*** Records for this exercise ***

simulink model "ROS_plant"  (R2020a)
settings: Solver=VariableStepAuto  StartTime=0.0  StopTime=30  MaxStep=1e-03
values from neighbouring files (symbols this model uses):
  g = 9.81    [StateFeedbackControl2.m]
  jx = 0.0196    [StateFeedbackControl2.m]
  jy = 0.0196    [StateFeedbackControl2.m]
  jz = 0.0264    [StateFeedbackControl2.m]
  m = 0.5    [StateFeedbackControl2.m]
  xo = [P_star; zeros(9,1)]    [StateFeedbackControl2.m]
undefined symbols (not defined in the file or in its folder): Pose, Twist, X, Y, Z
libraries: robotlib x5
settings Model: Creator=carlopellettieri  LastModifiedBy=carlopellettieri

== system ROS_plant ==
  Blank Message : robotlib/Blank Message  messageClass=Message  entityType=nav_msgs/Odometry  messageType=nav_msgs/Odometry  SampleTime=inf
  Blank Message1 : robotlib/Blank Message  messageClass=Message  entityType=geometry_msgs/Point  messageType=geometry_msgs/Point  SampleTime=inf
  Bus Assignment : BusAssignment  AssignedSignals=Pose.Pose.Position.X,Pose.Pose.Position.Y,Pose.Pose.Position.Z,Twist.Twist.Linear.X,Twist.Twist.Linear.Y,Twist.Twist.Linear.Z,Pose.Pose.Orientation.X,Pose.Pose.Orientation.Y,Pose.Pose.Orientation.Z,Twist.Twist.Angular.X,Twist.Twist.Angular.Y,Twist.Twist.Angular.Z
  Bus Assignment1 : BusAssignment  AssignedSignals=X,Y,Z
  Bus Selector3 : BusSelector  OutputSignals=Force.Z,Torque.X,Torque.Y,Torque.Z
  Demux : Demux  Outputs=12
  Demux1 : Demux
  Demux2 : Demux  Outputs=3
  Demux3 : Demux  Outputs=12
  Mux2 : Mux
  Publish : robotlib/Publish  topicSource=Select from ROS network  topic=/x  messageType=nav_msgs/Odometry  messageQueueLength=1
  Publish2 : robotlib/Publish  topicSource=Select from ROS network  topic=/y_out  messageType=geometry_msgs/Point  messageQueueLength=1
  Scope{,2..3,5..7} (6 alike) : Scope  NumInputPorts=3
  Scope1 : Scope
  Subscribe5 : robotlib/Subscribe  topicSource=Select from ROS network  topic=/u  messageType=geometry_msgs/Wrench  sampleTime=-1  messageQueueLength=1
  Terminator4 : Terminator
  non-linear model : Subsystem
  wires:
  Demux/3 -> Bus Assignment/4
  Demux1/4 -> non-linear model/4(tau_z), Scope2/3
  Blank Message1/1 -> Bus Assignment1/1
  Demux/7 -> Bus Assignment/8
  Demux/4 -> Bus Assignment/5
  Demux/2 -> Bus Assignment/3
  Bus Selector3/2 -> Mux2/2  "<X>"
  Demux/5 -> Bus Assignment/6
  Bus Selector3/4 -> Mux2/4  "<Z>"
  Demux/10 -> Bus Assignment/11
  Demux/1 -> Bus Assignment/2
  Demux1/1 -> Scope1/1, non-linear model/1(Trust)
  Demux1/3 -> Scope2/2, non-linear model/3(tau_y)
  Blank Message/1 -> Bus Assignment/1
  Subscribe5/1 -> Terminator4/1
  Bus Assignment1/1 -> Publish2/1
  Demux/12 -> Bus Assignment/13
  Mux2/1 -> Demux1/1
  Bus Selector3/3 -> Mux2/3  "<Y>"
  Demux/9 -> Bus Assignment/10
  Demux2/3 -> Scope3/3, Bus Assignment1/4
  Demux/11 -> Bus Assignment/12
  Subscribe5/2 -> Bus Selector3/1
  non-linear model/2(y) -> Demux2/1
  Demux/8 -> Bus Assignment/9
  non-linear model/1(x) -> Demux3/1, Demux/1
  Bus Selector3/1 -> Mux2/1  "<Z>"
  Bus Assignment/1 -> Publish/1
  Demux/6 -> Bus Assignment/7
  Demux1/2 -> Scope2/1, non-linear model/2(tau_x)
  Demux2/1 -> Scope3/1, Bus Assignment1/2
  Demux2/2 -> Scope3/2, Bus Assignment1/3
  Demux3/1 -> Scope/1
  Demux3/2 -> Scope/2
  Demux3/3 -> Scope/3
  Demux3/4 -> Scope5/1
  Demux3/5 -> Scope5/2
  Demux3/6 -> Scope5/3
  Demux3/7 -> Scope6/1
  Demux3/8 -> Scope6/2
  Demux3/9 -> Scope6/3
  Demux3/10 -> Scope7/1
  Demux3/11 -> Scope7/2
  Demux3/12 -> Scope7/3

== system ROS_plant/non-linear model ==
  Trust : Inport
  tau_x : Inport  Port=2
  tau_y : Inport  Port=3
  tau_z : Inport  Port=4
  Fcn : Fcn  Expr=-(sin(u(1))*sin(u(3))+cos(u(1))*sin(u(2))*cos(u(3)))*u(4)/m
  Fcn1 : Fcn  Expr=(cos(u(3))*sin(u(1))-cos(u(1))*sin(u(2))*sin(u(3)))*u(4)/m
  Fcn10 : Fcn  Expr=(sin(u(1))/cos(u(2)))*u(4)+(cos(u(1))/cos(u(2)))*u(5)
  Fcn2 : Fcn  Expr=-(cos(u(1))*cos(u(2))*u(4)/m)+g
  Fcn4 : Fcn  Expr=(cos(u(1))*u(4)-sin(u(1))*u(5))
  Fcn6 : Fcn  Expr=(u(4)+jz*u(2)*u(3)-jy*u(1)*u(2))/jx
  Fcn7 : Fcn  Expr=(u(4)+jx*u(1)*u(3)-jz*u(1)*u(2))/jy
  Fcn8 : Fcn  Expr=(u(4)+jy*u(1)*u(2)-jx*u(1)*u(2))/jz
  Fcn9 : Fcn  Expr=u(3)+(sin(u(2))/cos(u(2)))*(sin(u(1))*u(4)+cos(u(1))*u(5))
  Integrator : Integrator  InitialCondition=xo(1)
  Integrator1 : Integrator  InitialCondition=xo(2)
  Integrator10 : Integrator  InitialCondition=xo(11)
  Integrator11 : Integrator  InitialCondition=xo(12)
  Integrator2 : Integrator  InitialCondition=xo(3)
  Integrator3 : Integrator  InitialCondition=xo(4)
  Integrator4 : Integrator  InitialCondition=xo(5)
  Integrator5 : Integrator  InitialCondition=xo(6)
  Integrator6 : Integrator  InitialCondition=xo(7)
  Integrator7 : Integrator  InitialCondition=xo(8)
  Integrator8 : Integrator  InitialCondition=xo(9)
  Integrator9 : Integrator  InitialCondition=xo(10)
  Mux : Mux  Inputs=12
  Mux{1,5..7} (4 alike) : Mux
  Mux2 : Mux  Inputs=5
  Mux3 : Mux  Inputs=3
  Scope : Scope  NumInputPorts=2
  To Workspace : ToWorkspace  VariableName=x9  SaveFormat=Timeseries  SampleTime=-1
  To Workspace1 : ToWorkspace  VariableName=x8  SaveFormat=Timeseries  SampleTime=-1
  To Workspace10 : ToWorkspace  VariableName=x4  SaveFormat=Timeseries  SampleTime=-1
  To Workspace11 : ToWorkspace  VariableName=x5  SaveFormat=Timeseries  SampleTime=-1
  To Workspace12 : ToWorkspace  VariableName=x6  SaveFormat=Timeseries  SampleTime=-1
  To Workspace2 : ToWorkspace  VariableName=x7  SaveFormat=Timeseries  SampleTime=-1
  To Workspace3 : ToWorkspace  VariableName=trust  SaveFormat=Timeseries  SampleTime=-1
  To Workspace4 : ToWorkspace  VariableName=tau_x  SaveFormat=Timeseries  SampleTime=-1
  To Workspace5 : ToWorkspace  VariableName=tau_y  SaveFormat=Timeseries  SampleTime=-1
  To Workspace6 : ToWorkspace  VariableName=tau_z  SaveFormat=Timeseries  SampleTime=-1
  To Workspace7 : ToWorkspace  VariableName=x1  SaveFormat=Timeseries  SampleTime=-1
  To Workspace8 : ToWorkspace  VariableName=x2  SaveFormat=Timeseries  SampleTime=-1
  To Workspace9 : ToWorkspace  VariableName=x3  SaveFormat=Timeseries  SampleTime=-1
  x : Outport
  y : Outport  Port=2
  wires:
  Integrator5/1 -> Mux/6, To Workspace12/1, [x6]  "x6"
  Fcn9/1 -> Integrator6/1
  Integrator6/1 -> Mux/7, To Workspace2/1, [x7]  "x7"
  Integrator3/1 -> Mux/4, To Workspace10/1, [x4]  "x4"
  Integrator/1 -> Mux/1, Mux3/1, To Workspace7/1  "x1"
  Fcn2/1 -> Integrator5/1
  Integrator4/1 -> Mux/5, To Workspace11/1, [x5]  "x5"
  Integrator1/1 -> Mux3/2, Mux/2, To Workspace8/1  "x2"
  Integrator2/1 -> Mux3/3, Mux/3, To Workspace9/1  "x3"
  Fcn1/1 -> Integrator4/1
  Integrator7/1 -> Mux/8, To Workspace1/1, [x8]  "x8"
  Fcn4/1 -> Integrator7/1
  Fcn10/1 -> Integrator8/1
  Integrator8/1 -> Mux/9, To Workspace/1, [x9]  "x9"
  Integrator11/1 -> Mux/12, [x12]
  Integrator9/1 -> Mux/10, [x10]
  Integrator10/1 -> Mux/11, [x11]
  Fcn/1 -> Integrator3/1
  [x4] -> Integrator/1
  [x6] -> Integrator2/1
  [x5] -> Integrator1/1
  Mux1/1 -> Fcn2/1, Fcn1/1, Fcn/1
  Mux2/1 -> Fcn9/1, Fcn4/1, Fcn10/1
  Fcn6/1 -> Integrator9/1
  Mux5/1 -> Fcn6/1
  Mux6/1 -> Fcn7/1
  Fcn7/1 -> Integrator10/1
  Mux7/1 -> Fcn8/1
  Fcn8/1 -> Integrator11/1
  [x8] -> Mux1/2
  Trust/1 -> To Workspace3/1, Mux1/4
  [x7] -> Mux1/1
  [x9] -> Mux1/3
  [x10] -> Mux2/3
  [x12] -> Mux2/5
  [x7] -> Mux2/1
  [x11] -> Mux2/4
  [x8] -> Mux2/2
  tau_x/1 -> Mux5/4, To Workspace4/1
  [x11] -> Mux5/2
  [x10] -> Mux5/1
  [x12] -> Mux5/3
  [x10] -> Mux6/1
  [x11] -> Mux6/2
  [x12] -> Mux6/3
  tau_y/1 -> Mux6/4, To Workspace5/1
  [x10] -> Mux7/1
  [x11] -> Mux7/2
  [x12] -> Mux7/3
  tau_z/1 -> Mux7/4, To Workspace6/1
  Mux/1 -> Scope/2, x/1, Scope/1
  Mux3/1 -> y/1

*** End of Records for this exercise ***

Task
Each line of the data above that contains "AssignedSignals" counts once; report the total alone.

Your solution
2